As immunosuppressive agents, corticosteroids may be considered an appropriate treatment for primary biliary cirrhosis, even if bone loss and other side effects may occur. We studied biliary lipid metabolism in 10 nonicteric patients, with histologically proven primary biliary cirrhosis (stage I-IV). We administered methylprednisolone (24 mg daily) for 30 days to ascertain its effects on biliary lipid metabolism, which are largely still unknown. All patients underwent a 30-day drug-washout period before entering the trial. The following parameters were studied before and after methylprednisolone treatment: serum biochemistry; cholic acid pool size, kinetics and synthesis; biliary lipid secretion; biliary bile acid pattern; biliary lipid molar percentage; and cholesterol saturation index. Methylprednisolone induced a statistically significant (Wilcoxon rank test) increase in cholic acid turnover (from 0.26+/-0.04 to 0.50+/-0.05 K/day, P = 0.005) and synthesis (from 0.42+/-0.12 to 0.78+/-0.11 mmol/day, P = 0.04), and in bile deoxycholic acid molar percentage (from 19.4+/-2.7 to 30.6+/-4.4% molar, P = 0.01).

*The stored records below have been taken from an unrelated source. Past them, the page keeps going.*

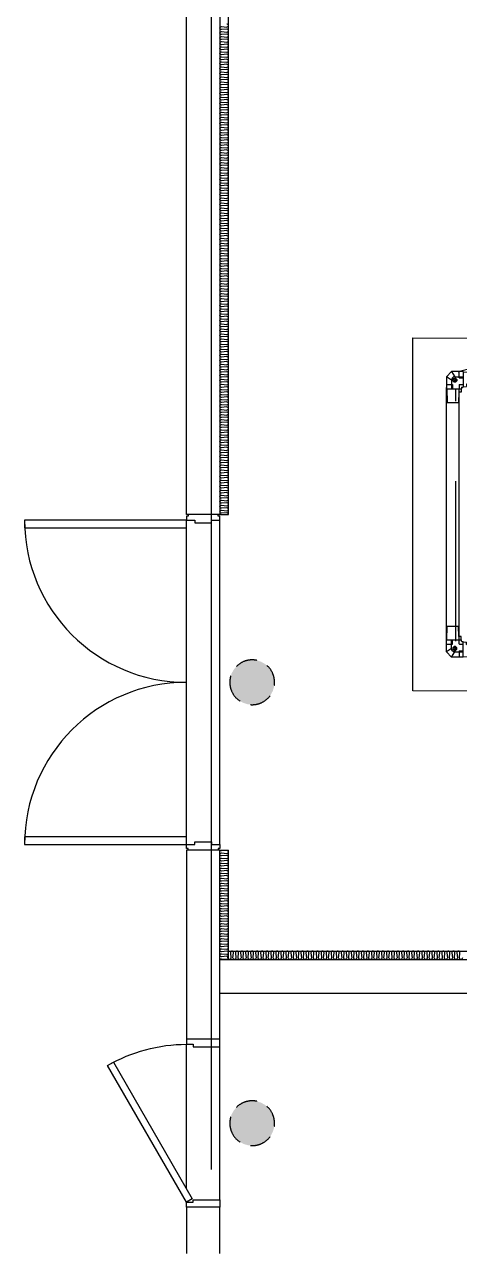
# Model space of a CAD drawing. Header units: millimetres. Extents: x -95754 to 177808, y 34455 to 150605.
# Drawn here: x 169789 to 172381, y 135205 to 142521 of the extents above; entities that cross this region are included whole.
import ezdxf

# ---------------------------------------------------------------- set-up
doc = ezdxf.new("R2010")
doc.units = ezdxf.units.MM
doc.header["$LTSCALE"] = 300
doc.linetypes.add('ghid', pattern=[3, 2, -1])
doc.linetypes.add('HIDDEN2', pattern=[4.7625, 3.175, -1.5875])
for name, color, linetype in [('A-CEN', 1, 'Continuous'), ('A-DOOR', 4, 'Continuous'), ('A-DOOR-1', 1, 'Continuous'), ('A-DOOR-8', 8, 'Continuous'), ('A-ETC-기계', 253, 'Continuous'), ('A-WALL-D', 7, 'Continuous'), ('A-갑종방화문', 7, 'Continuous'), ('A-방화문표기', 6, 'ghid'), ('FRAME', 3, 'Continuous'), ('ISL', 251, 'Continuous'), ('text', 2, 'Continuous'), ('장비패드', 7, 'Continuous')]:
    doc.layers.add(name, color=color, linetype=linetype)

# ---------------------------------------------------------------- blocks, each defined once
blk = doc.blocks.new('FSD-5')
at = {"layer": 'A-DOOR'}
for p, q in [((0, 0), (0, 200)), ((2000, 0), (2000, 200))]:
    blk.add_line(p, q, dxfattribs=at)
for points in [[(35, 200), (80, 200), (80, 1165), (35, 1165)], [(1920, 200), (1965, 200), (1965, 1165), (1920, 1165)]]:
    blk.add_lwpolyline(points, close=True, dxfattribs=at)
for points in [[(0, 190), (10, 190), (10, 200), (35, 200), (35, 150), (50, 150), (50, 50), (35, 50), (35, 0), (10, 0), (10, 10), (0, 10)], [(2000, 190), (1990, 190), (1990, 200), (1965, 200), (1965, 150), (1950, 150), (1950, 50), (1965, 50), (1965, 0), (1990, 0), (1990, 10), (2000, 10)]]:
    blk.add_lwpolyline(points, dxfattribs=at)
at = {"layer": 'A-DOOR-1'}
for centre, start, end in [((35, 200), 0, 90), ((1965, 200), 90, 180)]:
    blk.add_arc(centre, 965, start, end, dxfattribs=at)
at = {"layer": 'A-DOOR-8'}
for p, q in [((35, 200), (1965, 200)), ((35, 0), (1965, 0))]:
    blk.add_line(p, q, dxfattribs=at)
blk = doc.blocks.new('SYM-갑종방화문')
at = {"layer": 'A-방화문표기'}
blk.add_hatch(color=251, dxfattribs=at).paths.add_polyline_path([(-600, 0, 1), (600, 0, 1)])
at = {"layer": 'A-방화문표기', "color": 251}
blk.add_circle((0, 0), 600, dxfattribs=at)
blk = doc.blocks.new('A$C1B410CB1')
at = {"layer": 'A-갑종방화문', "xscale": 0.1666666666666667, "yscale": 0.1666666666666667, "zscale": 0.1666666666666667}
blk.add_blockref('SYM-갑종방화문', (100, 100), dxfattribs=at)
blk = doc.blocks.new('FDD-1')
at = {"layer": 'A-DOOR'}
for points in [[(113943.7, 1122219.4), (113943.7, 1122189.4), (113903.7, 1122189.4), (113903.7, 1122174.4), (113743.7, 1122174.4), (113743.7, 1122219.4)], [(113943.7, 1121249.4), (114413.7, 1122063.4), (114379, 1122083.4), (113909, 1121269.4)], [(113943.7, 1121219.4), (113943.7, 1121249.4), (113903.7, 1121249.4), (113903.7, 1121264.4), (113743.7, 1121264.4), (113743.7, 1121219.4)]]:
    blk.add_lwpolyline(points, close=True, dxfattribs=at)
at = {"layer": 'A-DOOR-1'}
blk.add_arc((113943.7, 1121249.4), 940, 60, 90, dxfattribs=at)
at = {"layer": 'A-DOOR-8', "linetype": 'Continuous'}
for p, q in [((113743.7, 1121264.4), (113743.7, 1122174.4)), ((113943.7, 1121329.4), (113943.7, 1122189.4))]:
    blk.add_line(p, q, dxfattribs=at)
blk = doc.blocks.new('*U1762')
at = {"color": 0}
blk.add_line((500, 0), (14.8, -120.8), dxfattribs=at)
blk.add_arc((500, 0), 500, 180, 193.98494, dxfattribs=at)
blk = doc.blocks.new('A$C26806475')
at = {"color": 0}
for p, q in [((30, 180), (0, 150)), ((0, 150), (0, 80)), ((30, 129.9), (0, 150)), ((100, 180), (30, 180)), ((30, 180), (50.1, 150)), ((50, 150), (100, 150)), ((100, 180), (100, 104)), ((100, 177.8), (178.5, 175)), ((180, 173.5), (180, 110.4)), ((0, 80), (76, 80)), ((2.2, 80), (4.9, 1.4)), ((30, 130), (30, 80)), ((76, 102.5), (76, 80)), ((76, 80), (90.6, 80)), ((77.5, 104), (100, 104)), ((88.4, 80), (87.7, 60)), ((90.6, 87.9), (90.6, 80)), ((92.1, 89.4), (100, 89.4)), ((100, 104), (100, 89.4)), ((100, 91.6), (120, 92.2)), ((120, 105.4), (120, 92.2)), ((121.4, 106.9), (178.5, 108.9)), ((6.4, 0), (69.6, 0)), ((73.1, 58.5), (71.1, 1.4)), ((87.7, 60), (74.6, 60))]:
    blk.add_line(p, q, dxfattribs=at)
at = {"color": 0, "linetype": 'HIDDEN2', "ltscale": 0.4}
for p, q in [((76, 144), (76, 180)), ((76, 144), (100, 144)), ((0, 104), (36, 104)), ((36, 104), (36, 80))]:
    blk.add_line(p, q, dxfattribs=at)
at = {"color": 0}
for radius in [12, 5]:
    blk.add_circle((50, 130), radius, dxfattribs=at)
for centre, radius, start, end in [((50, 130), 20, 90, 180), ((178.5, 173.5), 1.5, 0, 88), ((77.5, 102.5), 1.5, 90, 180), ((92.1, 87.9), 1.5, 90, 180), ((121.5, 105.4), 1.5, 92, 180), ((178.5, 110.4), 1.5, 272, 0), ((6.4, 1.5), 1.5, 182, 270), ((69.6, 1.5), 1.5, 270, 358), ((74.6, 58.5), 1.5, 90, 178)]:
    blk.add_arc(centre, radius, start, end, dxfattribs=at)
blk = doc.blocks.new('G$C618AA28F')
at = {"layer": 'FRAME', "color": 0}
for p, q in [((-76, 756), (-76, -747.8)), ((0, 756), (0, -756))]:
    blk.add_line(p, q, dxfattribs=at)
at = {"layer": 'FRAME', "color": 0, "linetype": 'HIDDEN2'}
blk.add_line((-56, 756), (-56, -747.8), dxfattribs=at)
at = {"color": 0, "extrusion": (0, 0, -1), "yscale": 1.02222, "zscale": -1}
blk.add_blockref('A$C26806475', (0, 666), dxfattribs=at)
at = {"color": 0, "yscale": 1.02222, "rotation": 180}
blk.add_blockref('A$C26806475', (0, -666), dxfattribs=at)
at = {"layer": 'text', "color": 0, "yscale": 1.02222}
blk.add_blockref('*U1762', (-570, -850), dxfattribs=at)
blk = doc.blocks.new('4F_기계장비')
at = {"layer": 'A-ETC-기계', "rotation": 180}
blk.add_blockref('G$C618AA28F', (79750, -9000), dxfattribs=at)

msp = doc.modelspace()

# ---------------------------------------------------------------- linework, layer by layer
at = {"layer": 'A-CEN'}
msp.add_line((170903.6, 135705), (170903.6, 149560.5), dxfattribs=at)
at = {"layer": 'A-WALL-D'}
for p, q in [((170753.6, 139605), (170753.6, 143705)), ((170953.6, 143705), (170953.6, 139605)), ((170953.6, 139605), (170753.6, 139605))]:
    msp.add_line(p, q, dxfattribs=at)
at = {"layer": 'A-WALL-D', "elevation": 0}
for points in [[(170953.6, 136480), (170953.6, 137605), (170753.6, 137605), (170753.6, 136480)], [(170953.6, 136955), (172703.6, 136955), (172703.6, 135205)], [(170953.6, 136755), (172503.6, 136755), (172503.6, 135205)], [(170753.6, 135480), (170753.6, 135205)], [(170953.6, 135205), (170953.6, 135480)]]:
    msp.add_lwpolyline(points, dxfattribs=at)
at = {"layer": 'ISL'}
for p, q in [((170953.6, 139605), (171003.6, 139605)), ((170953.6, 137605), (171003.6, 137605))]:
    msp.add_line(p, q, dxfattribs=at)
at = {"layer": 'ISL', "elevation": 0}
for points in [[(171003.6, 139605), (171003.6, 143655), (177003.6, 143655), (177003.6, 143365)], [(171003.6, 136955), (171003.6, 137605)], [(171003.6, 137005), (172753.6, 137005), (172753.6, 135255)]]:
    msp.add_lwpolyline(points, dxfattribs=at)
for points in [[(171003.6, 139605, 0.44469), (170993.6, 139614), (170963.6, 139611, -1.108889), (170963.6, 139629), (170993.6, 139626, 0.44469), (171003.6, 139635, 0.44469), (170993.6, 139644), (170963.6, 139641, -1.108889), (170963.6, 139659), (170993.6, 139656, 0.44469), (171003.6, 139665, 0.44469), (170993.6, 139674), (170963.6, 139671, -1.108889), (170963.6, 139689), (170993.6, 139686, 0.44469), (171003.6, 139695, 0.44469), (170993.6, 139704), (170963.6, 139701, -1.108889), (170963.6, 139719), (170993.6, 139716, 0.44469), (171003.6, 139725, 0.44469), (170993.6, 139734), (170963.6, 139731, -1.108889), (170963.6, 139749), (170993.6, 139746, 0.44469), (171003.6, 139755, 0.44469), (170993.6, 139764), (170963.6, 139761, -1.108889), (170963.6, 139779), (170993.6, 139776, 0.44469), (171003.6, 139785, 0.44469), (170993.6, 139794), (170963.6, 139791, -1.108889), (170963.6, 139809), (170993.6, 139806, 0.44469), (171003.6, 139815, 0.44469), (170993.6, 139824), (170963.6, 139821, -1.108889), (170963.6, 139839), (170993.6, 139836, 0.44469), (171003.6, 139845, 0.44469), (170993.6, 139854), (170963.6, 139851, -1.108889), (170963.6, 139869), (170993.6, 139866, 0.44469), (171003.6, 139875, 0.44469), (170993.6, 139884), (170963.6, 139881, -1.108889), (170963.6, 139899), (170993.6, 139896, 0.44469), (171003.6, 139905, 0.44469), (170993.6, 139914), (170963.6, 139911, -1.108889), (170963.6, 139929), (170993.6, 139926, 0.44469), (171003.6, 139935, 0.44469), (170993.6, 139944), (170963.6, 139941, -1.108889), (170963.6, 139959), (170993.6, 139956, 0.44469), (171003.6, 139965, 0.44469), (170993.6, 139974), (170963.6, 139971, -1.108889), (170963.6, 139989), (170993.6, 139986, 0.44469), (171003.6, 139995, 0.44469), (170993.6, 140004), (170963.6, 140001, -1.108889), (170963.6, 140019), (170993.6, 140016, 0.44469), (171003.6, 140025, 0.44469), (170993.6, 140034), (170963.6, 140031, -1.108889), (170963.6, 140049), (170993.6, 140046, 0.44469), (171003.6, 140055, 0.44469), (170993.6, 140064), (170963.6, 140061, -1.108889), (170963.6, 140079), (170993.6, 140076, 0.44469), (171003.6, 140085, 0.44469), (170993.6, 140094), (170963.6, 140091, -1.108889), (170963.6, 140109), (170993.6, 140106, 0.44469), (171003.6, 140115, 0.44469), (170993.6, 140124), (170963.6, 140121, -1.108889), (170963.6, 140139), (170993.6, 140136, 0.44469), (171003.6, 140145, 0.44469), (170993.6, 140154), (170963.6, 140151, -1.108889), (170963.6, 140169), (170993.6, 140166, 0.44469), (171003.6, 140175, 0.44469), (170993.6, 140184), (170963.6, 140181, -1.108889), (170963.6, 140199), (170993.6, 140196, 0.44469), (171003.6, 140205, 0.44469), (170993.6, 140214), (170963.6, 140211, -1.108889), (170963.6, 140229), (170993.6, 140226, 0.44469), (171003.6, 140235, 0.44469), (170993.6, 140244), (170963.6, 140241, -1.108889), (170963.6, 140259), (170993.6, 140256, 0.44469), (171003.6, 140265, 0.44469), (170993.6, 140274), (170963.6, 140271, -1.108889), (170963.6, 140289), (170993.6, 140286, 0.44469), (171003.6, 140295, 0.44469), (170993.6, 140304), (170963.6, 140301, -1.108889), (170963.6, 140319), (170993.6, 140316, 0.44469), (171003.6, 140325, 0.44469), (170993.6, 140334), (170963.6, 140331, -1.108889), (170963.6, 140349), (170993.6, 140346, 0.44469), (171003.6, 140355, 0.44469), (170993.6, 140364), (170963.6, 140361, -1.108889), (170963.6, 140379), (170993.6, 140376, 0.44469), (171003.6, 140385, 0.44469), (170993.6, 140394), (170963.6, 140391, -1.108889), (170963.6, 140409), (170993.6, 140406, 0.44469), (171003.6, 140415, 0.44469), (170993.6, 140424), (170963.6, 140421, -1.108889), (170963.6, 140439), (170993.6, 140436, 0.44469), (171003.6, 140445, 0.44469), (170993.6, 140454), (170963.6, 140451, -1.108889), (170963.6, 140469), (170993.6, 140466, 0.44469), (171003.6, 140475, 0.44469), (170993.6, 140484), (170963.6, 140481, -1.108889), (170963.6, 140499), (170993.6, 140496, 0.44469), (171003.6, 140505, 0.44469), (170993.6, 140514), (170963.6, 140511, -1.108889), (170963.6, 140529), (170993.6, 140526, 0.44469), (171003.6, 140535, 0.44469), (170993.6, 140544), (170963.6, 140541, -1.108889), (170963.6, 140559), (170993.6, 140556, 0.44469), (171003.6, 140565, 0.44469), (170993.6, 140574), (170963.6, 140571, -1.108889), (170963.6, 140589), (170993.6, 140586, 0.44469), (171003.6, 140595, 0.44469), (170993.6, 140604), (170963.6, 140601, -1.108889), (170963.6, 140619), (170993.6, 140616, 0.44469), (171003.6, 140625, 0.44469), (170993.6, 140634), (170963.6, 140631, -1.108889), (170963.6, 140649), (170993.6, 140646, 0.44469), (171003.6, 140655, 0.44469), (170993.6, 140664), (170963.6, 140661, -1.108889), (170963.6, 140679), (170993.6, 140676, 0.44469), (171003.6, 140685, 0.44469), (170993.6, 140694), (170963.6, 140691, -1.108889), (170963.6, 140709), (170993.6, 140706, 0.44469), (171003.6, 140715, 0.44469), (170993.6, 140724), (170963.6, 140721, -1.108889), (170963.6, 140739), (170993.6, 140736, 0.44469), (171003.6, 140745, 0.44469), (170993.6, 140754), (170963.6, 140751, -1.108889), (170963.6, 140769), (170993.6, 140766, 0.44469), (171003.6, 140775, 0.44469), (170993.6, 140784), (170963.6, 140781, -1.108889), (170963.6, 140799), (170993.6, 140796, 0.44469), (171003.6, 140805, 0.44469), (170993.6, 140814), (170963.6, 140811, -1.108889), (170963.6, 140829), (170993.6, 140826, 0.44469), (171003.6, 140835, 0.44469), (170993.6, 140844), (170963.6, 140841, -1.108889), (170963.6, 140859), (170993.6, 140856, 0.44469), (171003.6, 140865, 0.44469), (170993.6, 140874), (170963.6, 140871, -1.108889), (170963.6, 140889), (170993.6, 140886, 0.44469), (171003.6, 140895, 0.44469), (170993.6, 140904), (170963.6, 140901, -1.108889), (170963.6, 140919), (170993.6, 140916, 0.44469), (171003.6, 140925, 0.44469), (170993.6, 140934), (170963.6, 140931, -1.108889), (170963.6, 140949), (170993.6, 140946, 0.44469), (171003.6, 140955, 0.44469), (170993.6, 140964), (170963.6, 140961, -1.108889), (170963.6, 140979), (170993.6, 140976, 0.44469), (171003.6, 140985, 0.44469), (170993.6, 140994), (170963.6, 140991, -1.108889), (170963.6, 141009), (170993.6, 141006, 0.44469), (171003.6, 141015, 0.44469), (170993.6, 141024), (170963.6, 141021, -1.108889), (170963.6, 141039), (170993.6, 141036, 0.44469), (171003.6, 141045, 0.44469), (170993.6, 141054), (170963.6, 141051, -1.108889), (170963.6, 141069), (170993.6, 141066, 0.44469), (171003.6, 141075, 0.44469), (170993.6, 141084), (170963.6, 141081, -1.108889), (170963.6, 141099), (170993.6, 141096, 0.44469), (171003.6, 141105, 0.44469), (170993.6, 141114), (170963.6, 141111, -1.108889), (170963.6, 141129), (170993.6, 141126, 0.44469), (171003.6, 141135, 0.44469), (170993.6, 141144), (170963.6, 141141, -1.108889), (170963.6, 141159), (170993.6, 141156, 0.44469), (171003.6, 141165, 0.44469), (170993.6, 141174), (170963.6, 141171, -1.108889), (170963.6, 141189), (170993.6, 141186, 0.44469), (171003.6, 141195, 0.44469), (170993.6, 141204), (170963.6, 141201, -1.108889), (170963.6, 141219), (170993.6, 141216, 0.44469), (171003.6, 141225, 0.44469), (170993.6, 141234), (170963.6, 141231, -1.108889), (170963.6, 141249), (170993.6, 141246, 0.44469), (171003.6, 141255, 0.44469), (170993.6, 141264), (170963.6, 141261, -1.108889), (170963.6, 141279), (170993.6, 141276, 0.44469), (171003.6, 141285, 0.44469), (170993.6, 141294), (170963.6, 141291, -1.108889), (170963.6, 141309), (170993.6, 141306, 0.44469), (171003.6, 141315, 0.44469), (170993.6, 141324), (170963.6, 141321, -1.108889), (170963.6, 141339), (170993.6, 141336, 0.44469), (171003.6, 141345, 0.44469), (170993.6, 141354), (170963.6, 141351, -1.108889), (170963.6, 141369), (170993.6, 141366, 0.44469), (171003.6, 141375, 0.44469), (170993.6, 141384), (170963.6, 141381, -1.108889), (170963.6, 141399), (170993.6, 141396, 0.44469), (171003.6, 141405, 0.44469), (170993.6, 141414), (170963.6, 141411, -1.108889), (170963.6, 141429), (170993.6, 141426, 0.44469), (171003.6, 141435, 0.44469), (170993.6, 141444), (170963.6, 141441, -1.108889), (170963.6, 141459), (170993.6, 141456, 0.44469), (171003.6, 141465, 0.44469), (170993.6, 141474), (170963.6, 141471, -1.108889), (170963.6, 141489), (170993.6, 141486, 0.44469), (171003.6, 141495, 0.44469), (170993.6, 141504), (170963.6, 141501, -1.108889), (170963.6, 141519), (170993.6, 141516, 0.44469), (171003.6, 141525, 0.44469), (170993.6, 141534), (170963.6, 141531, -1.108889), (170963.6, 141549), (170993.6, 141546, 0.44469), (171003.6, 141555, 0.44469), (170993.6, 141564), (170963.6, 141561, -1.108889), (170963.6, 141579), (170993.6, 141576, 0.44469), (171003.6, 141585, 0.44469), (170993.6, 141594), (170963.6, 141591, -1.108889), (170963.6, 141609), (170993.6, 141606, 0.44469), (171003.6, 141615, 0.44469), (170993.6, 141624), (170963.6, 141621, -1.108889), (170963.6, 141639), (170993.6, 141636, 0.44469), (171003.6, 141645, 0.44469), (170993.6, 141654), (170963.6, 141651, -1.108889), (170963.6, 141669), (170993.6, 141666, 0.44469), (171003.6, 141675, 0.44469), (170993.6, 141684), (170963.6, 141681, -1.108889), (170963.6, 141699), (170993.6, 141696, 0.44469), (171003.6, 141705, 0.44469), (170993.6, 141714), (170963.6, 141711, -1.108889), (170963.6, 141729), (170993.6, 141726, 0.44469), (171003.6, 141735, 0.44469), (170993.6, 141744), (170963.6, 141741, -1.108889), (170963.6, 141759), (170993.6, 141756, 0.44469), (171003.6, 141765, 0.44469), (170993.6, 141774), (170963.6, 141771, -1.108889), (170963.6, 141789), (170993.6, 141786, 0.44469), (171003.6, 141795, 0.44469), (170993.6, 141804), (170963.6, 141801, -1.108889), (170963.6, 141819), (170993.6, 141816, 0.44469), (171003.6, 141825, 0.44469), (170993.6, 141834), (170963.6, 141831, -1.108889), (170963.6, 141849), (170993.6, 141846, 0.44469), (171003.6, 141855, 0.44469), (170993.6, 141864), (170963.6, 141861, -1.108889), (170963.6, 141879), (170993.6, 141876, 0.44469), (171003.6, 141885, 0.44469), (170993.6, 141894), (170963.6, 141891, -1.108889), (170963.6, 141909), (170993.6, 141906, 0.44469), (171003.6, 141915, 0.44469), (170993.6, 141924), (170963.6, 141921, -1.108889), (170963.6, 141939), (170993.6, 141936, 0.44469), (171003.6, 141945, 0.44469), (170993.6, 141954), (170963.6, 141951, -1.108889), (170963.6, 141969), (170993.6, 141966, 0.44469), (171003.6, 141975, 0.44469), (170993.6, 141984), (170963.6, 141981, -1.108889), (170963.6, 141999), (170993.6, 141996, 0.44469), (171003.6, 142005, 0.44469), (170993.6, 142014), (170963.6, 142011, -1.108889), (170963.6, 142029), (170993.6, 142026, 0.44469), (171003.6, 142035, 0.44469), (170993.6, 142044), (170963.6, 142041, -1.108889), (170963.6, 142059), (170993.6, 142056, 0.44469), (171003.6, 142065, 0.44469), (170993.6, 142074), (170963.6, 142071, -1.108889), (170963.6, 142089), (170993.6, 142086, 0.44469), (171003.6, 142095, 0.44469), (170993.6, 142104), (170963.6, 142101, -1.108889), (170963.6, 142119), (170993.6, 142116, 0.44469), (171003.6, 142125, 0.44469), (170993.6, 142134), (170963.6, 142131, -1.108889), (170963.6, 142149), (170993.6, 142146, 0.44469), (171003.6, 142155, 0.44469), (170993.6, 142164), (170963.6, 142161, -1.108889), (170963.6, 142179), (170993.6, 142176, 0.44469), (171003.6, 142185, 0.44469), (170993.6, 142194), (170963.6, 142191, -1.108889), (170963.6, 142209), (170993.6, 142206, 0.44469), (171003.6, 142215, 0.44469), (170993.6, 142224), (170963.6, 142221, -1.108889), (170963.6, 142239), (170993.6, 142236, 0.44469), (171003.6, 142245, 0.44469), (170993.6, 142254), (170963.6, 142251, -1.108889), (170963.6, 142269), (170993.6, 142266, 0.44469), (171003.6, 142275, 0.44469), (170993.6, 142284), (170963.6, 142281, -1.108889), (170963.6, 142299), (170993.6, 142296, 0.44469), (171003.6, 142305, 0.44469), (170993.6, 142314), (170963.6, 142311, -1.108889), (170963.6, 142329), (170993.6, 142326, 0.44469), (171003.6, 142335, 0.44469), (170993.6, 142344), (170963.6, 142341, -1.108889), (170963.6, 142359), (170993.6, 142356, 0.44469), (171003.6, 142365, 0.44469), (170993.6, 142374), (170963.6, 142371, -1.108889), (170963.6, 142389), (170993.6, 142386, 0.44469), (171003.6, 142395, 0.44469), (170993.6, 142404), (170963.6, 142401, -1.108889), (170963.6, 142419), (170993.6, 142416, 0.44469), (171003.6, 142425, 0.44469), (170993.6, 142434), (170963.6, 142431, -1.108889), (170963.6, 142449), (170993.6, 142446, 0.44469), (171003.6, 142455, 0.44469), (170993.6, 142464), (170963.6, 142461, -1.108889), (170963.6, 142479), (170993.6, 142476, 0.44469), (171003.6, 142485, 0.44469), (170993.6, 142494), (170963.6, 142491, -1.108889), (170963.6, 142509), (170993.6, 142506, 0.44469), (171003.6, 142515, 0.44469), (170993.6, 142524)], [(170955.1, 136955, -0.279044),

On the other hand, a significant decrease in biliary cholesterol molar percentage (from 7.9+/-0.7 to 6.4+/-0.5% molar, P = 0.005), cholesterol saturation index (from 1.11+/-0.11 to 0.95+/-0.07, P = 0.05), and biliary cholesterol secretion (from 64.7+/-5.4 to 53.0+/-4.5 micromol/hr, P = 0.005) was observed. These findings show that short-term administration of methylprednisolone in patients with primary biliary cirrhosis does not induce expansion of the cholic acid pool but increases cholic acid synthesis and turnover, as well as intestinal production of deoxycholic acid. If long-term treatment is considered, the beneficial immunosuppressive effects of corticosteroids have to be weighed against the hepatotoxic properties of deoxycholic acid.